[Stored data entries]
========================================

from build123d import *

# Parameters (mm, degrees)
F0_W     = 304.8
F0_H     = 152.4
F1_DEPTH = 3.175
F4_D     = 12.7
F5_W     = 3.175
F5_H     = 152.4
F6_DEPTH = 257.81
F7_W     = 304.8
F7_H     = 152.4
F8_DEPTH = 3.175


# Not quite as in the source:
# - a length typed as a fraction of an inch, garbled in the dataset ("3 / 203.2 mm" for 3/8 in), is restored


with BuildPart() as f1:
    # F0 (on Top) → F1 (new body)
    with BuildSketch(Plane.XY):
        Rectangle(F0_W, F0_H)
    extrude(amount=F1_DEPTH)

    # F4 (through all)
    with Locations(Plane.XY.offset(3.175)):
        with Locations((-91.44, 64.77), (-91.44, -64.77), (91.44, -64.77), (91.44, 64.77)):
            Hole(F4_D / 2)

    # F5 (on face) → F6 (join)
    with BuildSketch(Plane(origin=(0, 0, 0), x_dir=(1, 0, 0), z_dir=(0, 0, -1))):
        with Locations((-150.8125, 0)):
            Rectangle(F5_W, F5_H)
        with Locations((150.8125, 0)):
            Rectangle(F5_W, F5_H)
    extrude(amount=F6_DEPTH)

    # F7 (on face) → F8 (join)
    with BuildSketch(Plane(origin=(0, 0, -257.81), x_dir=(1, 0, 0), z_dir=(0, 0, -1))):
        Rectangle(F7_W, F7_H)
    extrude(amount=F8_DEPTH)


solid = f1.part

========================================

*Exercise:* Scan the records above for the string "extrude", then report every line that contains it.

*Reply:*
    extrude(amount=F1_DEPTH)
    extrude(amount=F6_DEPTH)
    extrude(amount=F8_DEPTH)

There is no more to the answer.